As Financial Literacy Month continues, AFRO wants to pay special attention to the financial health of seniors. In this month’s special edition, we have included two relevant questions on planning and using social security benefits.

In response, we have expert Russell Gloor, who is National Social Security Advisor for the Association of Mature American Citizens Foundation (AMAC Foundation), the nonprofit arm of the Association of Mature American Citizens (AMAC ).

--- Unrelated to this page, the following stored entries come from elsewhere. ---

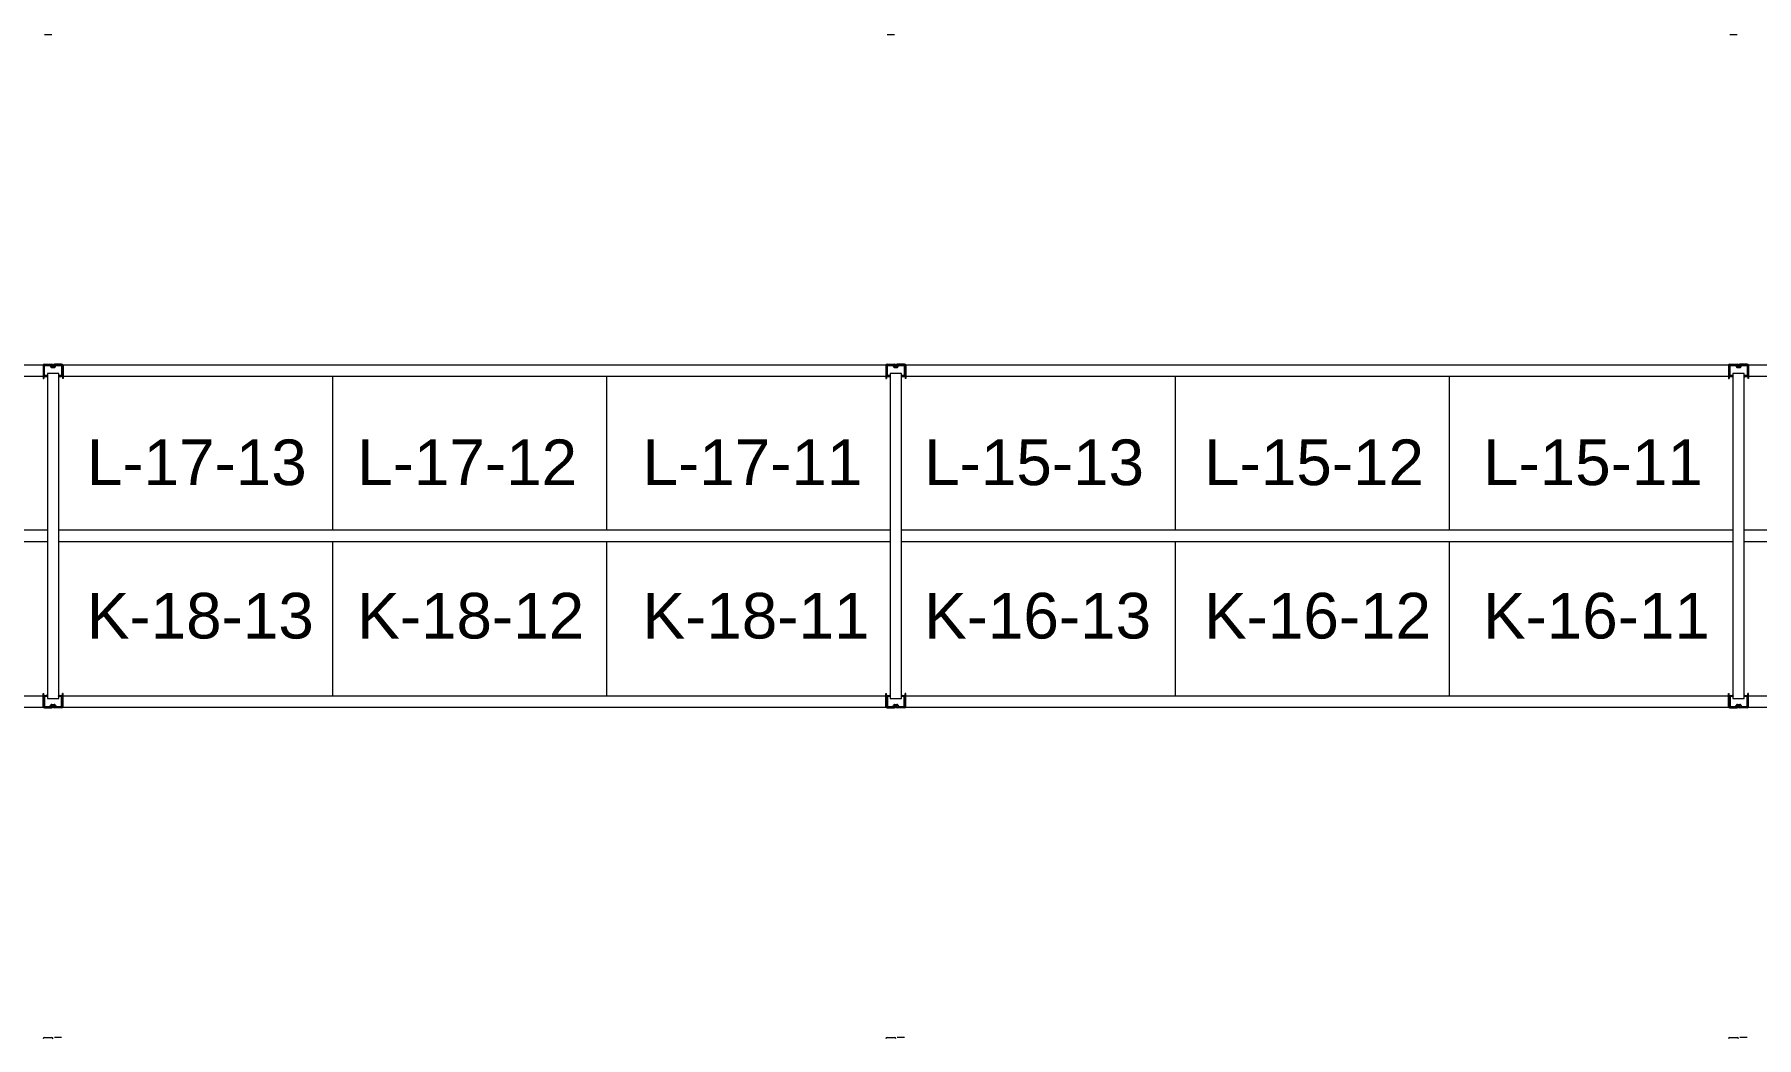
# Model space of a CAD drawing. Header units: inches. Extents: x 2743 to 10591, y -1604 to 5792.
# Drawn here: x 3416.1 to 3717.7, y 4518.1 to 4693.9 of the extents above; entities that cross this region are included whole.
import ezdxf

# ---------------------------------------------------------------- set-up
doc = ezdxf.new("R2010")
doc.units = ezdxf.units.IN
doc.header["$LTSCALE"] = 0.1875
doc.header["$MEASUREMENT"] = 0
for name, color, linetype, lineweight in [('22 Dimension', 7, 'Continuous', 5), ('32 Echelle', 160, 'Continuous', 15), ('33 Poutre', 30, 'Continuous', 15)]:
    doc.layers.add(name, color=color, linetype=linetype, lineweight=lineweight)
doc.styles.add('arial', font='')
doc.styles.get('arial').set_extended_font_data('Arial')

msp = doc.modelspace()

# ---------------------------------------------------------------- hatches: boundary and pattern name
at = {"layer": '32 Echelle'}
for points in [[(3418.33382, 4633.81503), (3418.33382, 4634.00253), (3418.14632, 4634.00253)], [(3418.33382, 4633.81503), (3418.33382, 4634.00253), (3418.14632, 4634.00253)], [(3420.33382, 4633.81503), (3420.33382, 4634.00253), (3420.52132, 4634.00253)], [(3420.33382, 4633.81503), (3420.33382, 4634.00253), (3420.52132, 4634.00253)], [(3565.95882, 4633.81503), (3565.95882, 4634.00253), (3565.77132, 4634.00253)], [(3565.95882, 4633.81503), (3565.95882, 4634.00253), (3565.77132, 4634.00253)], [(3567.95882, 4633.81503), (3567.95882, 4634.00253), (3568.14632, 4634.00253)], [(3567.95882, 4633.81503), (3567.95882, 4634.00253), (3568.14632, 4634.00253)], [(3713.58382, 4633.81503), (3713.58382, 4634.00253), (3713.39632, 4634.00253)], [(3713.58382, 4633.81503), (3713.58382, 4634.00253), (3713.39632, 4634.00253)], [(3715.58382, 4633.81503), (3715.58382, 4634.00253), (3715.77132, 4634.00253)], [(3715.58382, 4633.81503), (3715.58382, 4634.00253), (3715.77132, 4634.00253)], [(3418.33382, 4578.19003), (3418.33382, 4578.00253), (3418.14632, 4578.00253)], [(3418.33382, 4578.19003), (3418.33382, 4578.00253), (3418.14632, 4578.00253)], [(3420.33382, 4578.19003), (3420.33382, 4578.00253), (3420.52132, 4578.00253)], [(3420.33382, 4578.19003), (3420.33382, 4578.00253), (3420.52132, 4578.00253)], [(3565.95882, 4578.19003), (3565.95882, 4578.00253), (3565.77132, 4578.00253)], [(3565.95882, 4578.19003), (3565.95882, 4578.00253), (3565.77132, 4578.00253)], [(3567.95882, 4578.19003), (3567.95882, 4578.00253), (3568.14632, 4578.00253)], [(3567.95882, 4578.19003), (3567.95882, 4578.00253), (3568.14632, 4578.00253)], [(3713.58382, 4578.19003), (3713.58382, 4578.00253), (3713.39632, 4578.00253)], [(3713.58382, 4578.19003), (3713.58382, 4578.00253), (3713.39632, 4578.00253)], [(3715.58382, 4578.19003), (3715.58382, 4578.00253), (3715.77132, 4578.00253)], [(3715.58382, 4578.19003), (3715.58382, 4578.00253), (3715.77132, 4578.00253)]]:
    msp.add_hatch(color=256, dxfattribs=at).paths.add_polyline_path(points)

# ---------------------------------------------------------------- linework, layer by layer
at = {"layer": '22 Dimension'}
for p, q in [((3468.33382, 4607.00253), (3468.33382, 4634.00253)), ((3516.33382, 4607.00253), (3516.33382, 4634.00253)), ((3615.95882, 4607.00253), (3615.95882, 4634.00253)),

Dear Rusty: I plan to retire at 62, in a year. I have been coached (if financially possible) to leave my social security earnings to my wife to collect in the future if I die, given that she was a homemaker during majority of his earning years. My instinct is to bring in Social Security (I understand I’m settling for a lesser amount at age 62) as soon as possible given the forecast of our government’s inability to fund Social Security for the rest of my life. . No one has a crystal ball and no one knows what our government will or will not be able to fund even next week, so we weigh what we know and see, and then we decide. Is my question clear?



Dear Skeptic,

Your question is clear but contains two opposing factors: you say that you wish to support your wife well if you die, but you also say that you wish to apply at 62 because you are not sure that the security Social (SS) will be there in the future. Still, applying at age 62 will mean the lowest possible survivor benefit for your wife, because her widow’s benefit will be the amount you’ll receive when you die. I will try to put all of this into perspective for you.

Although Social Security faces future financial problems, it will never go bankrupt and be unable to pay benefits. The worst that could happen, if Congress takes no action first, would be that benefits would be reduced by about 22% if the SS Trust Fund were fully depleted by 2033 (currently, the reserves of the trust funds are used to supplement SS expenditures because SS revenues are currently lower than program costs). If this happens, Social Security can only pay what it reports. But that certainly won’t happen, because Congress won’t allow it.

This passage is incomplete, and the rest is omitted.